*PROBLEM TO WORK ON:* Look through the listing below and write out exactly the lines from the line with "Constant70 : Constant" to the line with "Constant73 : Constant", both included, and no others.

*EXERCISE MATERIALS:*
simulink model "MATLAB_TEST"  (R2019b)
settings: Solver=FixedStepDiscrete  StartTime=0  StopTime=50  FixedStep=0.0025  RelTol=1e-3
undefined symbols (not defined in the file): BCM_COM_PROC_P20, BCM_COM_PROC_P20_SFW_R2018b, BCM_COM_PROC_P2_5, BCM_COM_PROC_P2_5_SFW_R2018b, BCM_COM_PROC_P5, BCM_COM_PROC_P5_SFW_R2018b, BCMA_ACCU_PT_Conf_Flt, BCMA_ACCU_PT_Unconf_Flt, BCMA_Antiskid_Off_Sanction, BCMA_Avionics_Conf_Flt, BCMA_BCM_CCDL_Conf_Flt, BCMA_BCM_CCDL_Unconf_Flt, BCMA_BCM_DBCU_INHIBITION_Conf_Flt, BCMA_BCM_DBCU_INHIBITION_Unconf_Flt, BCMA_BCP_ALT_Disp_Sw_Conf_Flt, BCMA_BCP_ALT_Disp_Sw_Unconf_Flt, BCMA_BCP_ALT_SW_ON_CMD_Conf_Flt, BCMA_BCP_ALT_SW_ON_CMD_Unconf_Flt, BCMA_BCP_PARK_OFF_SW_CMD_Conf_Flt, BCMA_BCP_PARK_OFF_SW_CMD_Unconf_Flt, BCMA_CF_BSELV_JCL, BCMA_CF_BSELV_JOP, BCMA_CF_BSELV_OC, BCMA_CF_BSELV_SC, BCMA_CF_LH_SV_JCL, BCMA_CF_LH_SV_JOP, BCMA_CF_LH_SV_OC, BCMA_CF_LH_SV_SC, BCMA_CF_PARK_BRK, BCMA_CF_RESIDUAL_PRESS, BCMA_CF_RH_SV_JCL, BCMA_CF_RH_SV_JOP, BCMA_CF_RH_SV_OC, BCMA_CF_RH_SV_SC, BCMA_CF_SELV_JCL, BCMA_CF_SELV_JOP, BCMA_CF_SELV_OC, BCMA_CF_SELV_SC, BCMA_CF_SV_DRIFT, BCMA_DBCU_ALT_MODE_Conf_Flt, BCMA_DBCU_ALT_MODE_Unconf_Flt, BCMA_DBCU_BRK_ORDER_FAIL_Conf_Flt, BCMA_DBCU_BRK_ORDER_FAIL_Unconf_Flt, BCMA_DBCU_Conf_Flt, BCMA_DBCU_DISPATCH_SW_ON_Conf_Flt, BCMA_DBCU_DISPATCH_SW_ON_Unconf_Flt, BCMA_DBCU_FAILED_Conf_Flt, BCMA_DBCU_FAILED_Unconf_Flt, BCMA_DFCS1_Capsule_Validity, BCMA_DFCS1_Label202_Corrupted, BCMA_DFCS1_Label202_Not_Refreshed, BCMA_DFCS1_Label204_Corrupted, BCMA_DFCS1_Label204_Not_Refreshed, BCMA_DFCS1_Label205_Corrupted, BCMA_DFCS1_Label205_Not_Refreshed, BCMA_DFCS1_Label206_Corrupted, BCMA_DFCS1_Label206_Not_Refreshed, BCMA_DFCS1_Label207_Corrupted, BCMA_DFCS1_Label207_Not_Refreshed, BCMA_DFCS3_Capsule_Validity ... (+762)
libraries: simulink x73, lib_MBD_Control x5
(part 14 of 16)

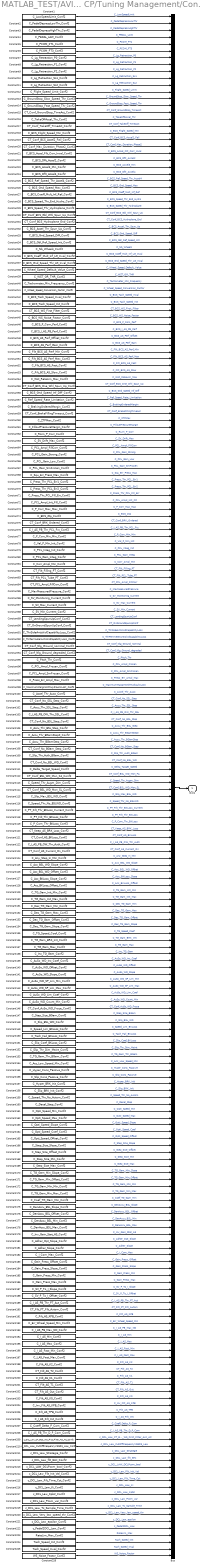
== system MATLAB_TEST/AVIONICS/Brake_Control_Module_Side_A/BCSA Controller CP/Tuning Management/Conf2 ==
  Bus : BusCreator  Inputs=226
  Constant1 : Constant  Value=C_LowSpeedLimit_Conf2
  Constant10 : Constant  Value=C_Lg_Retraction_SL1_Conf2
  Constant100 : Constant  Value=C_Accel_Thr_Auso_Conf2
  Constant101 : Constant  Value=CT_Conf_No_SSL_Step_Conf2
  Constant102 : Constant  Value=C_Accu_Thr_SSL_Step_Conf2
  Constant103 : Constant  Value=C_I_AS_PB_OW_Thr_SSL_Conf2
  Constant104 : Constant  Value=CT_Conf_No_BSL_Step_Conf2
  Constant105 : Constant  Value=C_Accu_Thr_BSL_Step_Conf2
  Constant106 : Constant  Value=C_Accu_Thr_BGamStep0_Conf2
  Constant107 : Constant  Value=C_Accu_Thr_BGamStep_Conf2
  Constant108 : Constant  Value=CT_Conf_No_BGam_Step_Conf2
  Constant109 : Constant  Value=C_Slip_Thr_Auth_BGam_Conf2
  Constant11 : Constant  Value=C_Lg_Retraction_SL2_Conf2
  Constant110 : Constant  Value=CT_Conf_No_BSL_WD_Conf2
  Constant111 : Constant  Value=C_Delta_Target_Speed_Conf2
  Constant112 : Constant  Value=CT_Conf_BSL_WD_Mon_FA_Conf2
  Constant113 : Constant  Value=C_Speed_Thr_Augm_Dim_Conf2
  Constant114 : Constant  Value=CT_Conf_BSL_WD_Mon_SL_Conf2
  Constant115 : Constant  Value=C_Slip_Max_BSL_WD_Conf2
  Constant116 : Constant  Value=C_Speed_Thr_No_BSLWD_Conf2
  Constant117 : Constant  Value=C_PT_Filt_Thr_BKLoss_Current_Conf2
  Constant118 : Constant  Value=C_PT_Filt_Thr_BKLoss_Conf2
  Constant119 : Constant  Value=C_P_Com_Thr_BKLoss_Conf2
  Constant12 : Constant  Value=C_Flight_Speed_Limit_Conf2
  Constant120 : Constant  Value=CT_Keep_AS_BRK_Loss_Conf2
  Constant121 : Constant  Value=CT_Conf_AS_BKLoss_Conf2
  Constant122 : Constant  Value=C_I_AS_PB_OW_Thr_Auth_Conf2
  Constant123 : Constant  Value=CT_Conf_AS_Current_On_Conf2
  Constant124 : Constant  Value=C_Any_Step_In_Min_Conf2
  Constant125 : Constant  Value=C_Acc_BSL_WD_Slope_Conf2
  Constant126 : Constant  Value=C_Acc_BSL_WD_Offset_Conf2
  Constant127 : Constant  Value=C_Acc_BKLoss_Slope_Conf2
  Constant128 : Constant  Value=C_Acc_BKLoss_Offset_Conf2
  Constant129 : Constant  Value=C_TG_Gam_Init_Min_Conf2
  Constant13 : Constant  Value=C_GroundStop_Slow_Speed_Thr_Conf2
  Constant130 : Constant  Value=C_TG_Gam_Init_Max_Conf2
  Constant131 : Constant  Value=C_Dec_TG_Gam_Min_Conf2
  Constant132 : Constant  Value=C_Dec_TG_Gam_Max_Conf2
  Constant133 : Constant  Value=C_Dec_TG_Gam_Offset_Conf2
  Constant134 : Constant  Value=C_Dec_TG_Gam_Slope_Conf2
  Constant135 : Constant  Value=C_TG_Speed_Coef_Conf2
  Constant136 : Constant  Value=C_TG_Gam_BRK_Init_Conf2
  Constant137 : Constant  Value=C_TG_Gam_Max_Conf2
  Constant138 : Constant  Value=C_Inc_TG_Gam_Conf2
  Constant139 : Constant  Value=C_AuSo_WD_Inc_Coef_Conf2
  Constant14 : Constant  Value=C_GroundStop_Fast_Speed_Thr_Conf2
  Constant140 : Constant  Value=C_AuSo_WD_Offset_Conf2
  Constant141 : Constant  Value=C_AuSo_WD_Slope_Conf2
  Constant142 : Constant  Value=C_AuSo_WD_SP_Lim_Min_Conf2
  Constant143 : Constant  Value=C_AuSo_WD_SP_Lim_Max_Conf2
  Constant144 : Constant  Value=C_AuSo_WD_Lim_Coef_Conf2
  Constant145 : Constant  Value=C_AuSo_WD_Count_Min_Conf2
  Constant146 : Constant  Value=CT_Conf_AuSo_WD_Froze_Conf2
  Constant147 : Constant  Value=C_Step_Size_BGam_Conf2
  Constant148 : Constant  Value=C_Slip_BSL_WD_Conf2
  Constant149 : Constant  Value=C_Speed_Lim_BKLoss_Conf2
  Constant15 : Constant  Value=CT_Conf_GroundStop_TimeAct_Conf2
  Constant150 : Constant  Value=C_Tach_Fail_BKLoss_Conf2
  Constant151 : Constant  Value=C_Slip_Coef_BKLoss_Conf2
  Constant152 : Constant  Value=C_Slip_Thr_Dim_Maint_Conf2
  Constant153 : Constant  Value=C_TG_Gam_Thr_BGam_Conf2
  Constant154 : Constant  Value=C_Acc_Low_Speed_Min_Conf2
  Constant155 : Constant  Value=C_Hyper_Cons_Passive_Conf2
  Constant156 : Constant  Value=C_Slip_Cons_Passive_Conf2
  Constant157 : Constant  Value=C_Hyper_BRK_Init_Conf2
  Constant158 : Constant  Value=C_Slip_BRK_Init_Conf2
  Constant159 : Constant  Value=C_Speed_Thr_No_Autom_Conf2
  Constant16 : Constant  Value=C_TakeOffAccel_Thr_Conf2
  Constant160 : Constant  Value=C_Decel_Step_Conf2
  Constant161 : Constant  Value=C_Opti_Speed_Min_Conf2
  Constant162 : Constant  Value=C_Opti_Speed_Max_Conf2
  Constant163 : Constant  Value=C_Opti_Speed_Slope_Conf2
  Constant164 : Constant  Value=C_Opti_Speed_Coef_Conf2
  Constant165 : Constant  Value=C_Opti_Speed_Offset_Conf2
  Constant166 : Constant  Value=C_Step_Size_Slope_Conf2
  Constant167 : Constant  Value=C_Step_Size_Offset_Conf2
  Constant168 : Constant  Value=C_Step_Size_Min_Conf2
  Constant169 : Constant  Value=C_Step_Size_Max_Conf2
  Constant17 : Constant  Value=CT_Conf_TakeOff_TimeAct_Conf2
  Constant170 : Constant  Value=C_TG_Gam_Min_Slope_Conf2
  Constant171 : Constant  Value=C_TG_Gam_Min_Offset_Conf2
  Constant172 : Constant  Value=C_TG_Gam_Min_Min_Conf2
  Constant173 : Constant  Value=C_TG_Gam_Min_Max_Conf2
  Constant174 : Constant  Value=C_Coef_TG_Gam_Min_Conf2
  Constant175 : Constant  Value=C_DenAccu_BSL_Slope_Conf2
  Constant176 : Constant  Value=C_DenAccu_BSL_Offset_Conf2
  Constant177 : Constant  Value=C_DenAccu_BSL_Min_Conf2
  Constant178 : Constant  Value=C_DenAccu_BSL_Max_Conf2
  Constant179 : Constant  Value=C_Inv_Gain_Stat_AS_Conf2
  Constant18 : Constant  Value=C_BCS_Flight_Speed_Min_Conf2
  Constant180 : Constant  Value=C_Adher_Opt_Slope_Conf2
  Constant181 : Constant  Value=C_Adher_Slope_Conf2
  Constant182 : Constant  Value=C_I_Com_Max_Conf2
  Constant183 : Constant  Value=C_Gain_Press_Offset_Conf2
  Constant184 : Constant  Value=C_Gain_Press_Slope_Conf2
  Constant185 : Constant  Value=C_Gain_Press_Min_Conf2
  Constant186 : Constant  Value=C_Gain_Press_Max_Conf2
  Constant187 : Constant  Value=C_SV_P_To_I_Slope_Conf2
  Constant188 : Constant  Value=C_SV_P_To_I_Offset_Conf2
  Constant189 : Constant  Value=C_I_AS_PB_Thr_PT_Aut_Conf2
  Constant19 : Constant  Value=CT_Conf_BCS_Accel2_Fail_Conf2
  Constant190 : Constant  Value=CT_Filt_PT_Filt_Autom_Conf2
  Constant191 : Constant  Value=C_Filt_AS_KPB_Conf2
  Constant192 : Constant  Value=C_Err_Wheel_Speed_Min_Conf2
  Constant193 : Constant  Value=C_I_AS_PB_Max_ND_Conf2
  Constant194 : Constant  Value=C_I_AS_Min_Conf2
  Constant195 : Constant  Value=C_I_AS_Max_Conf2
  Constant196 : Constant  Value=C_I_AS_Fast_Min_Conf2
  Constant197 : Constant  Value=C_I_AS_Fast_Max_Conf2
  Constant198 : Constant  Value=C_Filt_AS_K2_Conf2
  Constant199 : Constant  Value=CT_Filt_AS_T2_Conf2
  Constant2 : Constant  Value=C_PedalDepressLowThr_Conf2
  Constant20 : Constant  Value=CT_Conf_Max_Duration_Phase2_Conf2
  Constant200 : Constant  Value=C_Filt_AS_K1_Conf2
  Constant201 : Constant  Value=CT_Filt_AS_T1_Conf2
  Constant202 : Constant  Value=CT_Filt_AS_Out_Conf2
  Constant203 : Constant  Value=C_Filt_AS_K0_Conf2
  Constant204 : Constant  Value=C_Inv_Filt_AS_KPB_Conf2
  Constant205 : Constant  Value=C_Filt_AS_TPB_Conf2
  Constant206 : Constant  Value=C_I_AS_Filt_Init_Conf2
  Constant207 : Constant  Value=C_Coeff_Delta_P_Com_Conf2
  Constant208 : Constant  Value=C_I_AS_PB_Thr_D_P_Com_Conf2
  Constant209 : Constant  Value=c_DCL_Law_CT_BCS_WS_First_Filter_Acc_AC_Conf2
  Constant21 : Constant  Value=C_BCS_Accel_Filt_Corr_Inval_Conf2
  Constant210 : Constant  Value=c_DCL_Law_CutOffFrequencyVSGRS_Law_Conf2
  Constant211 : Constant  Value=c_DCL_Law_Strategie_Conf2
  Constant212 : Constant  Value=c_DCL_Law_filt_8Hz_Conf2
  Constant213 : Constant  Value=c_DCL_LAW_DCLPcom_bool_Conf2
  Constant214 : Constant  Value=c_DCL_Law_Filt_Init_Val_Conf2
  Constant215 : Constant  Value=c_DCL_Law_Filt_Time_Cst_Conf2
  Constant216 : Constant  Value=c_DCL_Law_Ki_Conf2
  Constant217 : Constant  Value=c_DCL_Law_Kpb2_Conf2
  Constant218 : Constant  Value=c_DCL_Law_Pcom_var_Conf2
  Constant219 : Constant  Value=c_DCL_Law_Ts_Sample_Time_Conf2
  Constant22 : Constant  Value=C_BCS_Dflt_Accel2_Conf2
  Constant220 : Constant  Value=c_DCL_Law_Very_law_speed_thr_Conf2
  Constant221 : Constant  Value=c_DCL_Law_epsilon_Conf2
  Constant222 : Constant  Value=c_Pedal2DCL_Law_Conf2
  Constant223 : Constant  Value=RateLim_Max_Conf2
  Constant224 : Constant  Value=Tach_Speed_Init_Conf2
  Constant225 : Constant  Value=Tach_Speed_Inval_Conf2
  Constant226 : Constant  Value=WS_Noise_Factor_Conf2
  Constant23 : Constant  Value=C_BCS_Accel3_Min_Conf2
  Constant24 : Constant  Value=C_BCS_Dflt_Accel4_Conf2
  Constant25 : Constant  Value=C_BCS_Ref_Speed_Thr_Accel4_Conf2
  Constant26 : Constant  Value=C_BCS_Gnd_Speed_Max_Conf2
  Constant27 : Constant  Value=C_BCS_Coeff_Mult_Inf_Ref_Conf2
  Constant28 : Constant  Value=C_BCS_Speed_Thr_End_Hydro_Conf2
  Constant29 : Constant  Value=C_BCS_Speed_Thr_Hydroplane_Conf2
  Constant3 : Constant  Value=C_PedalDepressHighThr_Conf2
  Constant30 : Constant  Value=CT_Conf_BCS_Gbl_Whl_Spun_Up_Conf2
  Constant31 : Constant  Value=CT_Conf_BCS_Hydroplane_End_Conf2
  Constant32 : Constant  Value=C_BCS_Accel_Thr_Spun_Up_Conf2
  Constant33 : Constant  Value=C_BCS_Gnd_Speed_Diff_Conf2
  Constant34 : Constant  Value=C_BCS_Gbl_Ref_Speed_Init_Conf2
  Constant35 : Constant  Value=C_Nb_Wheels_Conf2
  Constant36 : Constant  Value=C_BCS_Coeff_Mult_Inf_LG_Inval_Conf2
  Constant37 : Constant  Value=C_BCS_Gnd_Speed_Thr_LG_Inval_Conf2
  Constant38 : Constant  Value=C_Wheel_Speed_Default_Value_Conf2
  Constant39 : Constant  Value=C_WST_OR_THR_Conf2
  Constant4 : Constant  Value=C_PEDAL_LAW_Conf2
  Constant40 : Constant  Value=C_Tachometer_Min_Frequency_Conf2
  Constant41 : Constant  Value=C_Wheel_Speed_Conversion_Factor_Conf2
  Constant42 : Constant  Value=C_BCS_Tach_Speed_Inval_Conf2
  Constant43 : Constant  Value=C_BCS_Tach_Speed_Init_Conf2
  Constant44 : Constant  Value=CT_BCS_WS_First_Filter_Conf2
  Constant45 : Constant  Value=C_BCS_WS_Noise_Factor_Conf2
  Constant46 : Constant  Value=C_BCS_P_Com_Perf_Conf2
  Constant47 : Constant  Value=C_BCS_I_AS_PB_Perf_Conf2
  Constant48 : Constant  Value=C_BCS_AS_Perf_Offset_Conf2
  Constant49 : Constant  Value=C_BCS_AS_Perf_Gain_Conf2
  Constant5 : Constant  Value=C_PCOM_FT1_Conf2
  Constant50 : Constant  Value=C_Filt_BCS_AS_Perf_Min_Conf2
  Constant51 : Constant  Value=C_Filt_BCS_AS_Perf_Max_Conf2
  Constant52 : Constant  Value=C_Filt_BCS_AS_Fast_Conf2
  Constant53 : Constant  Value=C_Filt_BCS_AS_Slow_Conf2
  Constant54 : Constant  Value=C_Wst_RateLim_Max_Conf2
  Constant55 : Constant  Value=CT_Conf_BCS_One_Whl_Spun_Up_Conf2
  Constant56 : Constant  Value=C_BCS_Gnd_Speed_Inf_Diff_Conf2
  Constant57 : Constant  Value=C_Ref_Speed_Rate_Limitation_Conf2
  Constant58 : Constant  Value=C_BrakingOrderedMargin_Conf2
  Constant59 : Constant  Value=CT_Conf_BrakeFillingTimeout_Conf2
  Constant6 : Constant  Value=C_PCOM_FT3_Conf2
  Constant60 : Constant  Value=C_ZTPMax_Conf2
  Constant61 : Constant  Value=C_FilloutPressureMargin_Conf2
  Constant62 : Constant  Value=C_RLim_P_Corr_Conf2
  Constant63 : Constant  Value=C_SV_Drift_Max_Conf2
  Constant64 : Constant  Value=C_PCL_Ampl_FillCorr_Conf2
  Constant65 : Constant  Value=C_PCL_Gain_Strong_Conf2
  Constant66 : Constant  Value=C_PCL_Gain_Low_Conf2
  Constant67 : Constant  Value=C_PCL_Gain_SmFrozen_Conf2
  Constant68 : Constant  Value=C_Squ_Err_Press_Max_Conf2
  Constant69 : Constant  Value=C_Press_Thr_PCL_Err1_Conf2
  Constant7 : Constant  Value=C_Lg_Retraction_P0_Conf2
  Constant70 : Constant  Value=C_Press_Thr_PCL_Err2_Conf2
  Constant71 : Constant  Value=C_Press_Thr_PCL_Fill_Err_Conf2
  Constant72 : Constant  Value=C_PCL_Ampl_Init_Fill_Conf2
  Constant73 : Constant  Value=C_P_Corr_Max_Max_Conf2
  Constant74 : Constant  Value=C_BCS_Ztp_Conf2
  Constant75 : Constant  Value=CT_Conf_BRK_Ordered_Conf2
  Constant76 : Constant  Value=C_I_AS_PB_Thr_PCL_Frz_Conf2
  Constant77 : Constant  Value=C_P_Corr_Min_Min_Conf2
  Constant78 : Constant  Value=C_Val_P_Min_Init_Conf2
  Constant79 : Constant  Value=C_PCL_Integ_Init_Conf2
  Constant8 : Constant  Value=C_Lg_Retraction_P1_Conf2
  Constant80 : Constant  Value=C_PCL_Gain_Integ_Conf2
  Constant81 : Constant  Value=C_Corr_Ampl_Min_Conf2
  Constant82 : Constant  Value=CT_Filt_Filling_PT_Conf2
  Constant83 : Constant  Value=CT_Filt_PCL_Tube_PT_Conf2
  Constant84 : Constant  Value=CT_PCL_Ampl_FillCorr_Conf2
  Constant85 : Constant  Value=C_MaxMeasuredPressure_Conf2
  Constant86 : Constant  Value=C_SV_Monitoring_Current_Conf2
  Constant87 : Constant  Value=C_SV_Max_Current_Conf2
  Constant88 : Constant  Value=C_SV_Min_Current_Conf2
  Constant89 : Constant  Value=CT_LandingSpunUpConf_Conf2
  Constant9 : Constant  Value=C_Lg_Retraction_P2_Conf2
  Constant90 : Constant  Value=CT_OnGroundSpunUpConf_Conf2
  Constant91 : Constant  Value=C_ThrSideAntiskidCapabilityLoss_Conf2
  Constant92 : Constant  Value=C_ThrPerimeterAntiskidCapabilityLoss_Conf2
  Constant93 : Constant  Value=CT_Conf_Nlg_Ground_nominal_Conf2
  Constant94 : Constant  Value=CT_Conf_Nlg_Ground_degraded_Conf2
  Constant95 : Constant  Value=C_Pitch_Thr_Conf2
  Constant96 : Constant  Value=C_PCL_Ampl_Frozen_Conf2
  Constant97 : Constant  Value=C_PCL_Ampl_SmFrozen_Conf2
  Constant98 : Constant  Value=C_Press_Err_Ampl_Max_Conf2
  Constant99 : Constant  Value=C_MaximumMarginWithHydraulicLost_Conf2
  Out1 : Outport  VectorParamsAs1DForOutWhenUnconnected=off
  wires:
  Constant1/1 -> Bus/1  "C_LowSpeedLimit"
  Constant2/1 -> Bus/2  "C_PedalDepressLowThr"
  Constant3/1 -> Bus/3  "C_PedalDepressHighThr"
  Constant4/1 -> Bus/4  "C_PEDAL_LAW"
  Constant5/1 -> Bus/5  "C_PCOM_FT1"
  Constant6/1 -> Bus/6  "C_PCOM_FT3"
  Constant7/1 -> Bus/7  "C_Lg_Retraction_P0"
  Constant8/1 -> Bus/8  "C_Lg_Retraction_P1"
  Constant9/1 -> Bus/9  "C_Lg_Retraction_P2"
  Constant10/1 -> Bus/10  "C_Lg_Retraction_SL1"
  Constant11/1 -> Bus/11  "C_Lg_Retraction_SL2"
  Constant12/1 -> Bus/12  "C_Flight_Speed_Limit"
  Constant13/1 -> Bus/13  "C_GroundStop_Slow_Speed_Thr"
  Constant14/1 -> Bus/14  "C_GroundStop_Fast_Speed_Thr"
  Constant15/1 -> Bus/15  "CT_Conf_GroundStop_TimeAct"
  Constant16/1 -> Bus/16  "C_TakeOffAccel_Thr"
  Constant17/1 -> Bus/17  "CT_Conf_TakeOff_TimeAct"
  Constant18/1 -> Bus/18  "C_BCS_Flight_Speed_Min"
  Constant19/1 -> Bus/19  "CT_Conf_BCS_Accel2_Fail"
  Constant20/1 -> Bus/20  "CT_Conf_Max_Duration_Phase2"
  Constant21/1 -> Bus/21  "C_BCS_Accel_Filt_Corr_Inval"
  Constant22/1 -> Bus/22  "C_BCS_Dflt_Accel2"
  Constant23/1 -> Bus/23  "C_BCS_Accel3_Min"
  Constant24/1 -> Bus/24  "C_BCS_Dflt_Accel4"
  Constant25/1 -> Bus/25  "C_BCS_Ref_Speed_Thr_Accel4"
  Constant26/1 -> Bus/26  "C_BCS_Gnd_Speed_Max"
  Constant27/1 -> Bus/27  "C_BCS_Coeff_Mult_Inf_Ref"
  Constant28/1 -> Bus/28  "C_BCS_Speed_Thr_End_Hydro"
  Constant29/1 -> Bus/29  "C_BCS_Speed_Thr_Hydroplane"
  Constant30/1 -> Bus/30  "CT_Conf_BCS_Gbl_Whl_Spun_Up"
  Constant31/1 -> Bus/31  "CT_Conf_BCS_Hydroplane_End"
  Constant32/1 -> Bus/32  "C_BCS_Accel_Thr_Spun_Up"
  Constant33/1 -> Bus/33  "C_BCS_Gnd_Speed_Diff"
  Constant34/1 -> Bus/34  "C_BCS_Gbl_Ref_Speed_Init"
  Constant35/1 -> Bus/35  "C_Nb_Wheels"
  Constant36/1 -> Bus/36  "C_BCS_Coeff_Mult_Inf_LG_Inval"
  Constant37/1 -> Bus/37  "C_BCS_Gnd_Speed_Thr_LG_Inval"
  Constant38/1 -> Bus/38  "C_Wheel_Speed_Default_Value"
  Constant39/1 -> Bus/39  "C_WST_OR_THR"
  Constant40/1 -> Bus/40  "C_Tachometer_Min_Frequency"
  Constant41/1 -> Bus/41  "C_Wheel_Speed_Conversion_Factor"
  Constant42/1 -> Bus/42  "C_BCS_Tach_Speed_Inval"
  Constant43/1 -> Bus/43  "C_BCS_Tach_Speed_Init"
  Constant44/1 -> Bus/44  "CT_BCS_WS_First_Filter"
  Constant45/1 -> Bus/45  "C_BCS_WS_Noise_Factor"
  Constant46/1 -> Bus/46  "C_BCS_P_Com_Perf"
  Constant47/1 -> Bus/47  "C_BCS_I_AS_PB_Perf"
  Constant48/1 -> Bus/48  "C_BCS_AS_Perf_Offset"
  Constant49/1 -> Bus/49  "C_BCS_AS_Perf_Gain"
  Constant50/1 -> Bus/50  "C_Filt_BCS_AS_Perf_Min"
  Constant51/1 -> Bus/51  "C_Filt_BCS_AS_Perf_Max"
  Constant52/1 -> Bus/52  "C_Filt_BCS_AS_Fast"
  Constant53/1 -> Bus/53  "C_Filt_BCS_AS_Slow"
  Constant54/1 -> Bus/54  "C_Wst_RateLim_Max"
  Constant55/1 -> Bus/55  "CT_Conf_BCS_One_Whl_Spun_Up"
  Constant56/1 -> Bus/56  "C_BCS_Gnd_Speed_Inf_Diff"
  Constant57/1 -> Bus/57  "C_Ref_Speed_Rate_Limitation"
  Constant58/1 -> Bus/58  "C_BrakingOrderedMargin"
  Constant59/1 -> Bus/59  "CT_Conf_BrakeFillingTimeout"
  Constant60/1 -> Bus/60  "C_ZTPMax"
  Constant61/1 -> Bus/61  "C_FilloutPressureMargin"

*REPLY TO THE EXERCISE:*
  Constant70 : Constant  Value=C_Press_Thr_PCL_Err2_Conf2
  Constant71 : Constant  Value=C_Press_Thr_PCL_Fill_Err_Conf2
  Constant72 : Constant  Value=C_PCL_Ampl_Init_Fill_Conf2
  Constant73 : Constant  Value=C_P_Corr_Max_Max_Conf2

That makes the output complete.